Getting ready for Apache NiFi 2.0

Pierre Villard
Cloudera
Published in
5 min readAug 1, 2023

Apache NiFi 2.0 is around the corner and it is going to bring a lot of new features that I, personally, am very excited about. We can mention key features such as:

  • Making Python a first class citizen in NiFi, allowing Python aficionados to easily and quickly build NiFi components in Python. This will bring closer the data engineers and the data scientists communities as well as greatly expanding the set of use cases that NiFi can cover.
  • Giving the possibility to run a Process Group using NiFi Stateless. NiFi Stateless has been around for quite some time but had never been easy to use until NiFi 2.0 where you can enable it at process group level. This gives the opportunity to use NiFi for critical use cases where a flow should be considered as a transaction (think CDC for example).
  • Rules Engine to provide feedback to the flow designers with regard to best practices, to give recommendations for the configuration of the components, etc.

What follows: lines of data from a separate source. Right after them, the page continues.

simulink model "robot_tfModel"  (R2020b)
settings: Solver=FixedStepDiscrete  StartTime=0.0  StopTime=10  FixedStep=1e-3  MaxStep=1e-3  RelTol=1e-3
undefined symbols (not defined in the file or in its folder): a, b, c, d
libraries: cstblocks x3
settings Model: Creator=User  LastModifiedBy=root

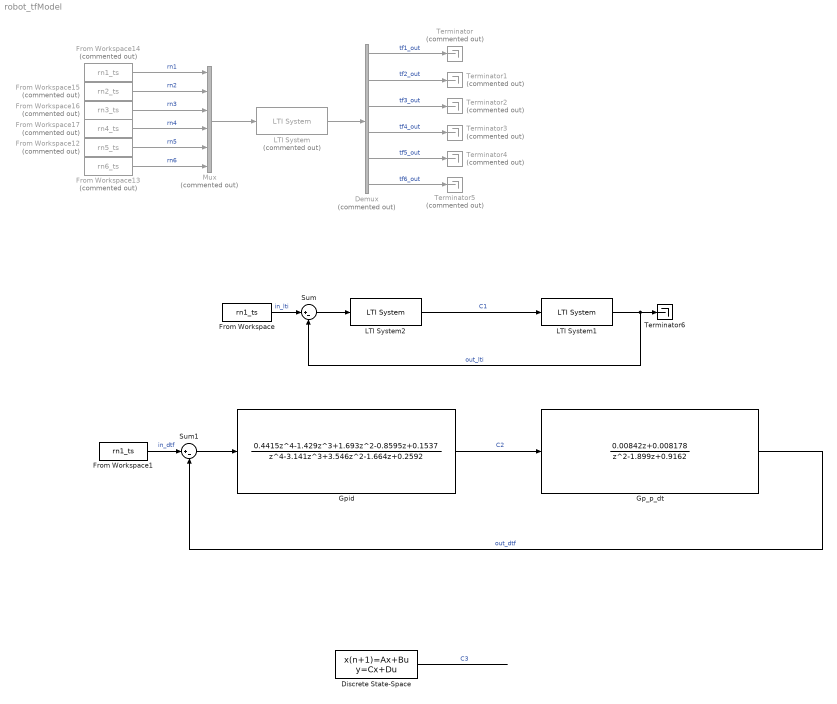
== system robot_tfModel ==
  Demux : Demux  Commented=on  Outputs=6
  Discrete State-Space : DiscreteStateSpace  A=a  B=b  C=c  D=d  SampleTime=1e-3
  From Workspace : FromWorkspace  VariableName=rn1_ts  Interpolate=off  OutputAfterFinalValue=Holding final value
  From Workspace1 : FromWorkspace  VariableName=rn1_ts  Interpolate=off  OutputAfterFinalValue=Holding final value
  From Workspace12 : FromWorkspace  Commented=on  VariableName=rn5_ts
  From Workspace13 : FromWorkspace  Commented=on  VariableName=rn6_ts
  From Workspace14 : FromWorkspace  Commented=on  VariableName=rn1_ts  SampleTime=1e-3
  From Workspace15 : FromWorkspace  Commented=on  VariableName=rn2_ts
  From Workspace16 : FromWorkspace  Commented=on  VariableName=rn3_ts
  From Workspace17 : FromWorkspace  Commented=on  VariableName=rn4_ts
  Gp_p_dt : DiscreteTransferFcn  Numerator="[0 0.00842  0.008178]"  Denominator=[1 -1.899 0.9162]
  Gpid : DiscreteTransferFcn  Numerator=[0.4415 -1.429 1.693 -0.8595 0.1537]  Denominator=[1 -3.141 3.546 -1.664 0.2592]  a0EqualsOne=on
  LTI System : cstblocks/LTI System  Commented=on  sys=dtf  IC=[]
  LTI System1 : cstblocks/LTI System  sys=Gp_p_dt  IC=[]
  LTI System2 : cstblocks/LTI System  sys=Gpid_dt  IC=[]
  Mux : Mux  Commented=on  Inputs=6
  Sum : Sum  Inputs=|+-
  Sum1 : Sum  Inputs=|+-
  Terminator{,1..5} (6 alike) : Terminator  Commented=on
  Terminator6 : Terminator
  wires:
  Mux/1 -> LTI System/1
  LTI System/1 -> Demux/1
  Demux/1 -> Terminator/1  "tf1_out"
  Demux/2 -> Terminator1/1  "tf2_out"
  Demux/3 -> Terminator2/1  "tf3_out"
  Demux/4 -> Terminator3/1  "tf4_out"
  Demux/5 -> Terminator4/1  "tf5_out"
  Demux/6 -> Terminator5/1  "tf6_out"
  From Workspace15/1 -> Mux/2  "rn2"
  From Workspace12/1 -> Mux/5  "rn5"
  From Workspace17/1 -> Mux/4  "rn4"
  From Workspace13/1 -> Mux/6  "rn6"
  From Workspace14/1 -> Mux/1  "rn1"
  From Workspace16/1 -> Mux/3  "rn3"
  LTI System1/1 -> Sum/2, Terminator6/1  "out_lti"
  LTI System2/1 -> LTI System1/1  "C1"
  Sum/1 -> LTI System2/1
  Gpid/1 -> Gp_p_dt/1  "C2"
  Sum1/1 -> Gpid/1
  Gp_p_dt/1 -> Sum1/2  "out_dtf"
  From Workspace1/1 -> Sum1/1  "in_dtf"
  Discrete State-Space/1 -> ?  "C3"
  From Workspace/1 -> Sum/1  "in_lti"

However this major new release of NiFi comes with breaking changes and you can take actions starting today to be in the best possible spot for when you want to upgrade to NiFi 2.0. The below list is not exhaustive but gives a good starting point. You can find out more about the NiFi 2.0 goals by going here.

Note that the community is planning to build some tooling to automate as many of those actions as possible but it’s for the best if you go through this list and take actions on your side. While there will be tooling to help, there could always be some edge cases we can’t cover / anticipate.

Java 21

NiFi 2.0 will only support Java 21 so you want to make sure you have Java 21 installed on your NiFi nodes before upgrading. Note that you can already use the latest 1.x releases of NiFi with Java 21.

Templates

The concept of templates is going away. The XML templates are stored in memory in NiFi as well as in the persisted flow definition (flow.xml.gz & flow.json.gz files) and it caused a lot of problems with some of our biggest NiFi users when they had tens or hundreds of massive templates (with thousands of components). Removing all of this will bring a lot more stability to NiFi and improve memory usage.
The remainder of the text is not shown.